Research Area A: “Skin immune barrier functions”
The focus of area A is to define the role of molecules and microbes challenging the skin immune system from outside and mainly deals with innate immune reactions.
A01 - The skin microbiome in resistance against Staphylococcus aureus colonization
How beneficial, ‘commensal’ skin bacteria can protect against Staphylococcus aureus colonization and how such processes can be exploited for preventive and therapeutic avenues e.g. in atopic dermatitis remains to be elucidated. We found the tripartite interaction of S. aureus, commensals, and the host to depend either on direct interaction e.g. via the novel microbiome-derived antibiotic lugdunin or on influencing skin defense mechanisms. We propose a comprehensive research program on the mechanisms of microbiome-mediated pathogen exclusion and on microbiome-host cell communication as a basis for innovative interventions in microbiome-associated skin diseases.
Principal investigators
A02 - Innate immune-mediated control of skin epithelial cell renewal and staphylococcal commensalism
The skin is colonized by a complex microbiota, including staphylococci. Our hypothesis is that staphylococci and, in particular S. aureus, provide essential signals to control the activity of mononuclear phagocytes and ILC3, thereby regulating epithelial function.
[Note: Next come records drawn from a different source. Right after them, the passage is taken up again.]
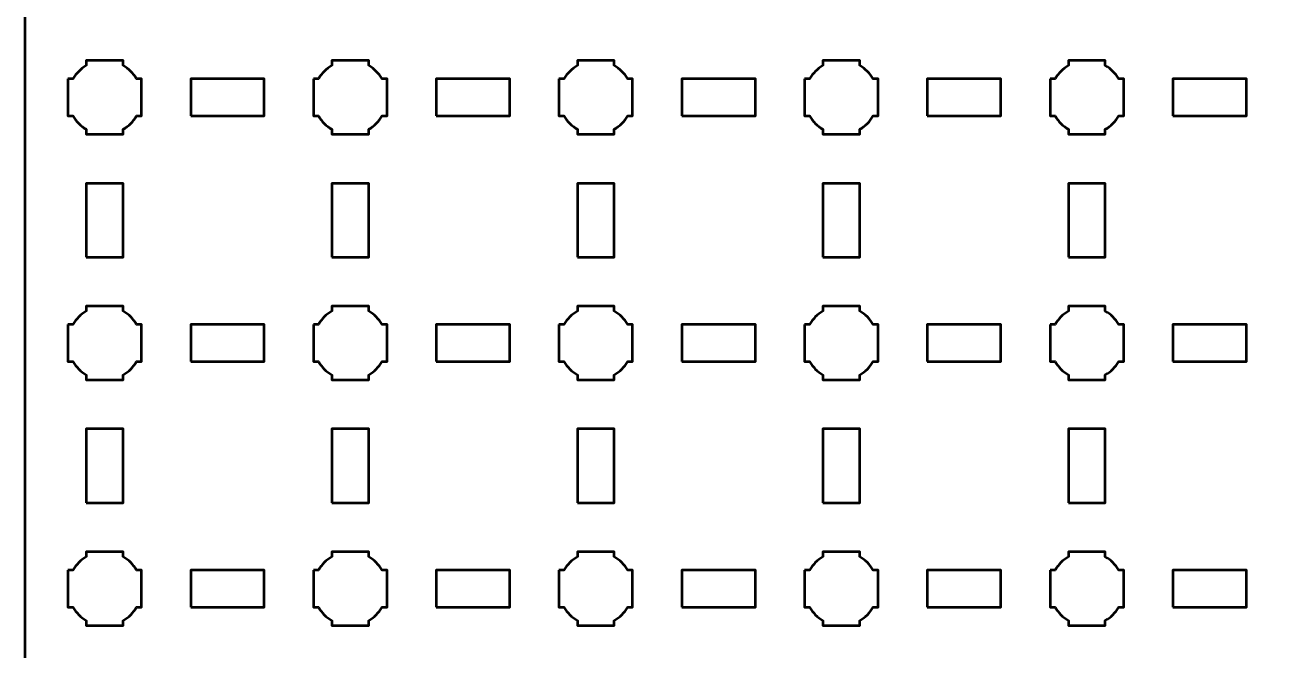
# Model space of a CAD drawing. Header units: centimetres. Extents: x -31.1 to 10.2, y -35.5 to 5.8.
# Drawn here: x -31.15 to -21, y -25.35 to -20.26 of the extents above; entities that cross this region are included whole.
import ezdxf

# ---------------------------------------------------------------- set-up
doc = ezdxf.new("R2010")
doc.units = ezdxf.units.CM
doc.header["$MEASUREMENT"] = 0
doc.layers.add('Layer 1', color=7, linetype='Continuous')

msp = doc.modelspace()

# ---------------------------------------------------------------- linework, layer by layer
at = {"layer": 'Layer 1', "color": 250, "lineweight": 53}
for points in [[(-29.8, -21), (-29.2, -21), (-29.2, -20.7), (-29.8, -20.7), (-29.8, -21)], [(-27.8, -21), (-27.2, -21), (-27.2, -20.7), (-27.8, -20.7), (-27.8, -21)], [(-25.8, -21), (-25.2, -21), (-25.2, -20.7), (-25.8, -20.7), (-25.8, -21)], [(-23.8, -21), (-23.2, -21), (-23.2, -20.7), (-23.8, -20.7), (-23.8, -21)], [(-21.8, -21), (-21.2, -21), (-21.2, -20.7), (-21.8, -20.7), (-21.8, -21)], [(-30.65, -22.15), (-30.35, -22.15), (-30.35, -21.55), (-30.65, -21.55), (-30.65, -22.15)], [(-28.65, -22.15), (-28.35, -22.15), (-28.35, -21.55), (-28.65, -21.55), (-28.65, -22.15)], [(-26.65, -22.15), (-26.35, -22.15), (-26.35, -21.55), (-26.65, -21.55), (-26.65, -22.15)], [(-24.65, -22.15), (-24.35, -22.15), (-24.35, -21.55), (-24.65, -21.55), (-24.65, -22.15)], [(-22.65, -22.15), (-22.35, -22.15), (-22.35, -21.55), (-22.65, -21.55), (-22.65, -22.15)], [(-29.8, -23), (-29.2, -23), (-29.2, -22.7), (-29.8, -22.7), (-29.8, -23)], [(-27.8, -23), (-27.2, -23), (-27.2, -22.7), (-27.8, -22.7), (-27.8, -23)], [(-25.8, -23), (-25.2, -23), (-25.2, -22.7), (-25.8, -22.7), (-25.8, -23)], [(-23.8, -23), (-23.2, -23), (-23.2, -22.7), (-23.8, -22.7), (-23.8, -23)], [(-21.8, -23), (-21.2, -23), (-21.2, -22.7), (-21.8, -22.7), (-21.8, -23)], [(-30.65, -24.15), (-30.35, -24.15), (-30.35, -23.55), (-30.65, -23.55), (-30.65, -24.15)], [(-28.65, -24.15), (-28.35, -24.15), (-28.35, -23.55), (-28.65, -23.55), (-28.65, -24.15)], [(-26.65, -24.15), (-26.35, -24.15), (-26.35, -23.55), (-26.65, -23.55), (-26.65, -24.15)], [(-24.65, -24.15), (-24.35, -24.15), (-24.35, -23.55), (-24.65, -23.55), (-24.65, -24.15)], [(-22.65, -24.15), (-22.35, -24.15), (-22.35, -23.55), (-22.65, -23.55), (-22.65, -24.15)], [(-29.8, -25), (-29.2, -25), (-29.2, -24.7), (-29.8, -24.7), (-29.8, -25)], [(-27.8, -25), (-27.2, -25), (-27.2, -24.7), (-27.8, -24.7), (-27.8, -25)], [(-25.8, -25), (-25.2, -25), (-25.2, -24.7), (-25.8, -24.7), (-25.8, -25)], [(-23.8, -25), (-23.2, -25), (-23.2, -24.7), (-23.8, -24.7), (-23.8, -25)], [(-21.8, -25), (-21.2, -25), (-21.2, -24.7), (-21.8, -24.7), (-21.8, -25)]]:
    msp.add_lwpolyline(points, close=True, dxfattribs=at)
msp.add_open_spline([(-31.15, -35), (-31.15, -35), (-31.15, 5.3), (-31.15, 5.3), (-31.15, 5.3), (-31.15, 5.57609), (-30.92609, 5.8), (-30.65, 5.8), (-30.65, 5.8), (-30.65, 5.8), (9.65, 5.8), (9.65, 5.8), (9.65, 5.8), (9.92609, 5.8), (10.15, 5.57609), (10.15, 5.3), (10.15, 5.3), (10.15, 5.3), (10.15, -35), (10.15, -35), (10.15, -35), (10.15, -35.27609), (9.92609, -35.5), (9.65, -35.5), (9.65, -35.5), (9.65, -35.5), (-30.65, -35.5), (-30.65, -35.5), (-30.65, -35.5), (-30.92609, -35.5), (-31.15, -35.27609), (-31.15, -35)], degree=3, knots=[0, 0, 0, 0, 0.125, 0.125, 0.125, 0.125, 0.25, 0.25, 0.25, 0.25, 0.375, 0.375, 0.375, 0.375, 0.5, 0.5, 0.5, 0.5, 0.625, 0.625, 0.625, 0.625, 0.75, 0.75, 0.75, 0.75, 0.875, 0.875, 0.875, 0.875, 1, 1, 1, 1], dxfattribs=at)
at = {"layer": 'Layer 1', "lineweight": 53}
for points in [[(-30.8, -20.7), (-30.8, -20.7), (-30.75985, -20.7), (-30.75985, -20.7), (-30.75985, -20.7), (-30.7335, -20.65447), (-30.69553, -20.6165), (-30.65, -20.59015), (-30.65, -20.59015), (-30.65, -20.59015), (-30.65, -20.55), (-30.65, -20.55), (-30.65, -20.55), (-30.65, -20.55), (-30.5, -20.55), (-30.5, -20.55), (-30.5, -20.55), (-30.5, -20.55), (-30.35, -20.55), (-30.35, -20.55), (-30.35, -20.55), (-30.35, -20.55), (-30.35, -20.59015), (-30.35, -20.59015), (-30.35, -20.59015), (-30.30447, -20.6165), (-30.2665, -20.65447), (-30.24015, -20.7), (-30.24015, -20.7), (-30.24015, -20.7), (-30.2, -20.7), (-30.2, -20.7), (-30.2, -20.7), (-30.2, -20.7), (-30.2, -20.85), (-30.2, -20.85), (-30.2, -20.85), (-30.2, -20.85), (-30.2, -21), (-30.2, -21), (-30.2, -21), (-30.2, -21), (-30.24015, -21), (-30.24015, -21), (-30.24015, -21), (-30.2665, -21.04553), (-30.30447, -21.0835), (-30.35, -21.10985), (-30.35, -21.10985), (-30.35, -21.10985), (-30.35, -21.15), (-30.35, -21.15), (-30.35, -21.15), (-30.35, -21.15), (-30.5, -21.15), (-30.5, -21.15), (-30.5, -21.15), (-30.5, -21.15), (-30.65, -21.15), (-30.65, -21.15), (-30.65, -21.15), (-30.65, -21.15), (-30.65, -21.10985), (-30.65, -21.10985), (-30.65, -21.10985), (-30.69553, -21.0835), (-30.7335, -21.04553), (-30.75985, -21), (-30.75985, -21), (-30.75985, -21), (-30.8, -21), (-30.8, -21), (-30.8, -21), (-30.8, -21), (-30.8, -20.85), (-30.8, -20.85), (-30.8, -20.85), (-30.8, -20.85), (-30.8, -20.7), (-30.8, -20.7)], [(-28.8, -20.7), (-28.8, -20.7), (-28.75985, -20.7), (-28.75985, -20.7), (-28.75985, -20.7), (-28.7335, -20.65447), (-28.69553, -20.6165), (-28.65, -20.59015), (-28.65, -20.59015), (-28.65, -20.59015), (-28.65, -20.55), (-28.65, -20.55), (-28.65, -20.55), (-28.65, -20.55), (-28.5, -20.55), (-28.5, -20.55), (-28.5, -20.55), (-28.5, -20.55), (-28.35, -20.55), (-28.35, -20.55), (-28.35, -20.55), (-28.35, -20.55), (-28.35, -20.59015), (-28.35, -20.59015), (-28.35, -20.59015), (-28.30447, -20.6165), (-28.2665, -20.65447), (-28.24015, -20.7), (-28.24015, -20.7), (-28.24015, -20.7), (-28.2, -20.7), (-28.2, -20.7), (-28.2, -20.7), (-28.2, -20.7), (-28.2, -20.85), (-28.2, -20.85), (-28.2, -20.85), (-28.2, -20.85), (-28.2, -21), (-28.2, -21), (-28.2, -21), (-28.2, -21), (-28.24015, -21), (-28.24015, -21), (-28.24015, -21), (-28.2665, -21.04553), (-28.30447, -21.0835), (-28.35, -21.10985), (-28.35, -21.10985), (-28.35, -21.10985), (-28.35, -21.15), (-28.35, -21.15), (-28.35, -21.15), (-28.35, -21.15), (-28.5, -21.15), (-28.5, -21.15), (-28.5, -21.15), (-28.5, -21.15), (-28.65, -21.15), (-28.65, -21.15), (-28.65, -21.15), (-28.65, -21.15), (-28.65, -21.10985), (-28.65, -21.10985), (-28.65, -21.10985), (-28.69553, -21.0835), (-28.7335, -21.04553), (-28.75985, -21), (-28.75985, -21), (-28.75985, -21), (-28.8, -21), (-28.8, -21), (-28.8, -21), (-28.8, -21), (-28.8, -20.85), (-28.8, -20.85), (-28.8, -20.85), (-28.8, -20.85), (-28.8, -20.7), (-28.8, -20.7)], [(-26.8, -20.7), (-26.8, -20.7), (-26.75985, -20.7), (-26.75985, -20.7), (-26.75985, -20.7), (-26.7335, -20.65447), (-26.69553, -20.6165), (-26.65, -20.59015), (-26.65, -20.59015), (-26.65, -20.59015), (-26.65, -20.55), (-26.65, -20.55), (-26.65, -20.55), (-26.65, -20.55), (-26.5, -20.55), (-26.5, -20.55), (-26.5, -20.55), (-26.5, -20.55), (-26.35, -20.55), (-26.35, -20.55), (-26.35, -20.55), (-26.35, -20.55), (-26.35, -20.59015), (-26.35, -20.59015), (-26.35, -20.59015), (-26.30447, -20.6165), (-26.2665, -20.65447), (-26.24015, -20.7), (-26.24015, -20.7), (-26.24015, -20.7), (-26.2, -20.7), (-26.2, -20.7), (-26.2, -20.7), (-26.2, -20.7), (-26.2, -20.85), (-26.2, -20.85), (-26.2, -20.85), (-26.2, -20.85), (-26.2, -21), (-26.2, -21), (-26.2, -21), (-26.2, -21), (-26.24015, -21), (-26.24015, -21), (-26.24015, -21), (-26.2665, -21.04553), (-26.30447, -21.0835), (-26.35, -21.10985), (-26.35, -21.10985), (-26.35, -21.10985), (-26.35, -21.15), (-26.35, -21.15), (-26.35, -21.15), (-26.35, -21.15), (-26.5, -21.15), (-26.5, -21.15), (-26.5, -21.15), (-26.5, -21.15), (-26.65, -21.15), (-26.65, -21.15), (-26.65, -21.15), (-26.65, -21.15), (-26.65, -21.10985), (-26.65, -21.10985), (-26.65, -21.10985), (-26.69553, -21.0835), (-26.7335, -21.04553), (-26.75985, -21), (-26.75985, -21), (-26.75985, -21), (-26.8, -21), (-26.8, -21), (-26.8, -21), (-26.8, -21), (-26.8, -20.85), (-26.8, -20.85), (-26.8, -20.85), (-26.8, -20.85), (-26.8, -20.7), (-26.8, -20.7)], [(-24.8, -20.7), (-24.8, -20.7), (-24.75985, -20.7), (-24.75985, -20.7), (-24.75985, -20.7), (-24.7335, -20.65447), (-24.69553, -20.6165), (-24.65, -20.59015), (-24.65, -20.59015), (-24.65, -20.59015), (-24.65, -20.55), (-24.65, -20.55), (-24.65, -20.55), (-24.65, -20.55), (-24.5, -20.55), (-24.5, -20.55), (-24.5, -20.55), (-24.5, -20.55), (-24.35, -20.55), (-24.35, -20.55), (-24.35, -20.55), (-24.35, -20.55), (-24.35, -20.59015), (-24.35, -20.59015), (-24.35, -20.59015), (-24.30447, -20.6165), (-24.2665, -20.65447), (-24.24015, -20.7), (-24.24015, -20.7), (-24.24015, -20.7), (-24.2, -20.7), (-24.2, -20.7), (-24.2, -20.7), (-24.2, -20.7), (-24.2, -20.85), (-24.2, -20.85), (-24.2, -20.85), (-24.2, -20.85), (-24.2, -21), (-24.2, -21), (-24.2, -21), (-24.2, -21), (-24.24015, -21), (-24.24015, -21), (-24.24015, -21), (-24.2665, -21.04553), (-24.30447, -21.0835), (-24.35, -21.10985), (-24.35, -21.10985), (-24.35, -21.10985), (-24.35, -21.15), (-24.35, -21.15), (-24.35, -21.15), (-24.35, -21.15), (-24.5, -21.15), (-24.5, -21.15), (-24.5, -21.15), (-24.5, -21.15), (-24.65, -21.15), (-24.65, -21.15), (-24.65, -21.15), (-24.65, -21.15), (-24.65, -21.10985), (-24.65, -21.10985), (-24.65, -21.10985), (-24.69553, -21.0835), (-24.7335, -21.04553), (-24.75985, -21), (-24.75985, -21), (-24.75985, -21), (-24.8, -21), (-24.8, -21), (-24.8, -21), (-24.8, -21), (-24.8, -20.85), (-24.8, -20.85), (-24.8, -20.85), (-24.8, -20.85), (-24.8, -20.7), (-24.8, -20.7)], [(-22.8, -20.7), (-22.8, -20.7), (-22.75985, -20.7), (-22.75985, -20.7), (-22.75985, -20.7), (-22.7335, -20.65447), (-22.69553, -20.6165), (-22.65, -20.59015), (-22.65, -20.59015), (-22.65, -20.59015), (-22.65, -20.55), (-22.65, -20.55), (-22.65, -20.55), (-22.65, -20.55), (-22.5, -20.55), (-22.5, -20.55), (-22.5, -20.55), (-22.5, -20.55), (-22.35, -20.55), (-22.35, -20.55), (-22.35, -20.55), (-22.35, -20.55), (-22.35, -20.59015), (-22.35, -20.59015), (-22.35, -20.59015), (-22.30447, -20.6165), (-22.2665, -20.65447), (-22.24015, -20.7), (-22.24015, -20.7), (-22.24015, -20.7), (-22.2, -20.7), (-22.2, -20.7), (-22.2, -20.7), (-22.2, -20.7), (-22.2, -20.85), (-22.2, -20.85), (-22.2, -20.85), (-22.2, -20.85), (-22.2, -21), (-22.2, -21), (-22.2, -21), (-22.2, -21), (-22.24015, -21), (-22.24015, -21), (-22.24015, -21), (-22.2665, -21.04553), (-22.30447, -21.0835), (-22.35, -21.10985), (-22.35, -21.10985), (-22.35, -21.10985), (-22.35, -21.15), (-22.35, -21.15), (-22.35, -21.15), (-22.35, -21.15), (-22.5, -21.15), (-22.5, -21.15), (-22.5, -21.15), (-22.5, -21.15), (-22.65, -21.15), (-22.65, -21.15), (-22.65, -21.15), (-22.65, -21.15), (-22.65, -21.10985), (-22.65, -21.10985), (-22.65, -21.10985), (-22.69553, -21.0835), (-22.7335, -21.04553), (-22.75985, -21), (-22.75985, -21), (-22.75985, -21), (-22.8, -21), (-22.8, -21), (-22.8, -21), (-22.8, -21), (-22.8, -20.85), (-22.8, -20.85), (-22.8, -20.85), (-22.8, -20.85), (-22.8, -20.7), (-22.8, -20.7)], [(-30.8, -22.7), (-30.8, -22.7), (-30.75985, -22.7), (-30.75985, -22.7), (-30.75985, -22.7), (-30.7335, -22.65447), (-30.69553, -22.6165), (-30.65, -22.59015), (-30.65, -22.59015), (-30.65, -22.59015), (-30.65, -22.55), (-30.65, -22.55), (-30.65, -22.55), (-30.65, -22.55), (-30.5, -22.55), (-30.5, -22.55), (-30.5, -22.55), (-30.5, -22.55), (-30.35, -22.55), (-30.35, -22.55), (-30.35, -22.55), (-30.35, -22.55), (-30.35, -22.59015), (-30.35, -22.59015), (-30.35, -22.59015), (-30.30447, -22.6165), (-30.2665, -22.65447), (-30.24015, -22.7), (-30.24015, -22.7), (-30.24015, -22.7), (-30.2, -22.7), (-30.2, -22.7), (-30.2, -22.7), (-30.2, -22.7), (-30.2, -22.85), (-30.2, -22.85), (-30.2, -22.85), (-30.2, -22.85), (-30.2, -23), (-30.2, -23), (-30.2, -23), (-30.2, -23), (-30.24015, -23), (-30.24015, -23), (-30.24015, -23), (-30.2665, -23.04553), (-30.30447, -23.0835), (-30.35, -23.10985), (-30.35, -23.10985), (-30.35, -23.10985), (-30.35, -23.15), (-30.35, -23.15), (-30.35, -23.15), (-30.35, -23.15), (-30.5, -23.15), (-30.5, -23.15), (-30.5, -23.15), (-30.5, -23.15), (-30.65, -23.15), (-30.65, -23.15), (-30.65, -23.15), (-30.65, -23.15), (-30.65, -23.10985), (-30.65, -23.10985), (-30.65, -23.10985), (-30.69553, -23.0835), (-30.7335, -23.04553), (-30.75985, -23), (-30.75985, -23), (-30.75985, -23), (-30.8, -23), (-30.8, -23), (-30.8, -23), (-30.8, -23), (-30.8, -22.85), (-30.8, -22.85), (-30.8, -22.85), (-30.8, -22.85), (-30.8, -22.7), (-30.8, -22.7)], [(-28.8, -22.7), (-28.8, -22.7), (-28.75985, -22.7), (-28.75985, -22.7), (-28.75985, -22.7), (-28.7335, -22.65447), (-28.69553, -22.6165), (-28.65, -22.59015), (-28.65, -22.59015), (-28.65, -22.59015), (-28.65, -22.55), (-28.65, -22.55), (-28.65, -22.55), (-28.65, -22.55), (-28.5, -22.55), (-28.5, -22.55), (-28.5, -22.55), (-28.5, -22.55), (-28.35, -22.55), (-28.35, -22.55), (-28.35, -22.55), (-28.35, -22.55), (-28.35, -22.59015), (-28.35, -22.59015), (-28.35, -22.59015), (-28.30447, -22.6165), (-28.2665, -22.65447), (-28.24015, -22.7), (-28.24015, -22.7), (-28.24015, -22.7), (-28.2, -22.7), (-28.2, -22.7), (-28.2, -22.7), (-28.2, -22.7), (-28.2, -22.85), (-28.2, -22.85), (-28.2, -22.85), (-28.2, -22.85), (-28.2, -23), (-28.2, -23), (-28.2, -23), (-28.2, -23), (-28.24015, -23), (-28.24015, -23), (-28.24015, -23), (-28.2665, -23.04553), (-28.30447, -23.0835), (-28.35, -23.10985), (-28.35, -23.10985), (-28.35, -23.10985), (-28.35, -23.15), (-28.35, -23.15), (-28.35, -23.15), (-28.35, -23.15), (-28.5, -23.15), (-28.5, -23.15), (-28.5, -23.15), (-28.5, -23.15), (-28.65, -23.15), (-28.65, -23.15), (-28.65, -23.15), (-28.65, -23.15), (-28.65, -23.10985), (-28.65, -23.10985), (-28.65, -23.10985), (-28.69553, -23.0835), (-28.7335, -23.04553), (-28.75985, -23), (-28.75985, -23), (-28.75985, -23), (-28.8, -23), (-28.8, -23), (-28.8, -23), (-28.8, -23), (-28.8, -22.85), (-28.8, -22.85), (-28.8, -22.85), (-28.8, -22.85), (-28.8, -22.7), (-28.8, -22.7)], [(-26.8, -22.7), (-26.8, -22.7), (-26.75985, -22.7), (-26.75985, -22.7), (-26.75985, -22.7), (-26.7335, -22.65447), (-26.69553, -22.6165), (-26.65, -22.59015), (-26.65, -22.59015), (-26.65, -22.59015), (-26.65, -22.55), (-26.65, -22.55), (-26.65, -22.55), (-26.65, -22.55), (-26.5, -22.55), (-26.5, -22.55), (-26.5, -22.55), (-26.5, -22.55), (-26.35, -22.55), (-26.35, -22.55), (-26.35, -22.55), (-26.35, -22.55), (-26.35, -22.59015), (-26.35, -22.59015), (-26.35, -22.59015), (-26.30447, -22.6165), (-26.2665, -22.65447), (-26.24015, -22.7), (-26.24015, -22.7), (-26.24015, -22.7), (-26.2, -22.7), (-26.2, -22.7), (-26.2, -22.7), (-26.2, -22.7), (-26.2, -22.85), (-26.2, -22.85), (-26.2, -22.85), (-26.2, -22.85), (-26.2, -23), (-26.2, -23), (-26.2, -23), (-26.2, -23), (-26.24015, -23), (-26.24015, -23), (-26.24015, -23), (-26.2665, -23.04553), (-26.30447, -23.0835), (-26.35, -23.10985), (-26.35, -23.10985), (-26.35, -23.10985), (-26.35, -23.15), (-26.35, -23.15), (-26.35, -23.15), (-26.35, -23.15), (-26.5, -23.15), (-26.5, -23.15), (-26.5, -23.15), (-26.5, -23.15), (-26.65, -23.15), (-26.65, -23.15), (-26.65, -23.15), (-26.65, -23.15), (-26.65, -23.10985), (-26.65, -23.10985), (-26.65, -23.10985), (-26.69553, -23.0835), (-26.7335, -23.04553), (-26.75985, -23), (-26.75985, -23), (-26.75985, -23), (-26.8, -23), (-26.8, -23), (-26.8, -23), (-26.8, -23), (-26.8, -22.85), (-26.8, -22.85), (-26.8, -22.85), (-26.8, -22.85), (-26.8, -22.7), (-26.8, -22.7)], [(-24.8, -22.7), (-24.8, -22.7), (-24.75985, -22.7), (-24.75985, -22.7), (-24.75985, -22.7), (-24.7335, -22.65447), (-24.69553, -22.6165), (-24.65, -22.59015), (-24.65, -22.59015), (-24.65, -22.59015), (-24.65, -22.55), (-24.65, -22.55), (-24.65, -22.55), (-24.65, -22.55), (-24.5, -22.55), (-24.5, -22.55), (-24.5, -22.55), (-24.5, -22.55), (-24.35, -22.55), (-24.35, -22.55), (-24.35, -22.55), (-24.35, -22.55), (-24.35, -22.59015), (-24.35, -22.59015), (-24.35, -22.59015), (-24.30447, -22.6165), (-24.2665, -22.65447), (-24.24015, -22.7), (-24.24015, -22.7), (-24.24015, -22.7), (-24.2, -22.7), (-24.2, -22.7), (-24.2, -22.7), (-24.2, -22.7), (-24.2, -22.85), (-24.2, -22.85), (-24.2, -22.85), (-24.2, -22.85), (-24.2, -23), (-24.2, -23), (-24.2, -23), (-24.2, -23), (-24.24015, -23), (-24.24015, -23), (-24.24015, -23), (-24.2665, -23.04553), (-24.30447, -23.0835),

We will interrogate S. aureus-derived factors and their regulatory machinery to understand why S. aureus is such a potent enhancer of skin ILC3 function, extend our analysis of the role of IL-22 on skin epithelial stem cells in the context of staphylococcal colonization, and analyse how immune system components (i.e., IL-22, IL-17A, IL-17F) may impact bacterial gene expression.
Principal investigators
A08 - Consequences of formyl-peptide receptor activation to the skin
Leukocytes sense formylated peptides via formyl-peptide receptors (FPRs). Staphylococcal skin commensals and pathogens secrete phenol-soluble modulin (PSM) peptides, strong agonists of FPR2. FPR2 is important for the recruitment of leukocytes in early infections with S. aureus in mice. Although FPR2 is expressed also on human keratinocytes and skin fibroblasts, nearly nothing is known about the consequence of FPR activation in these cells. Our aim is to elucidate the role of FPRs and FPR-activating ligands in the inflammatory responses and in signal transduction in primary keratinocytes and skin fibroblasts. We will use cell culture and mouse models of skin wound healing, infection and systemic sclerosis to assess the potential of FPRs as targets for the prevention or therapy of skin diseases.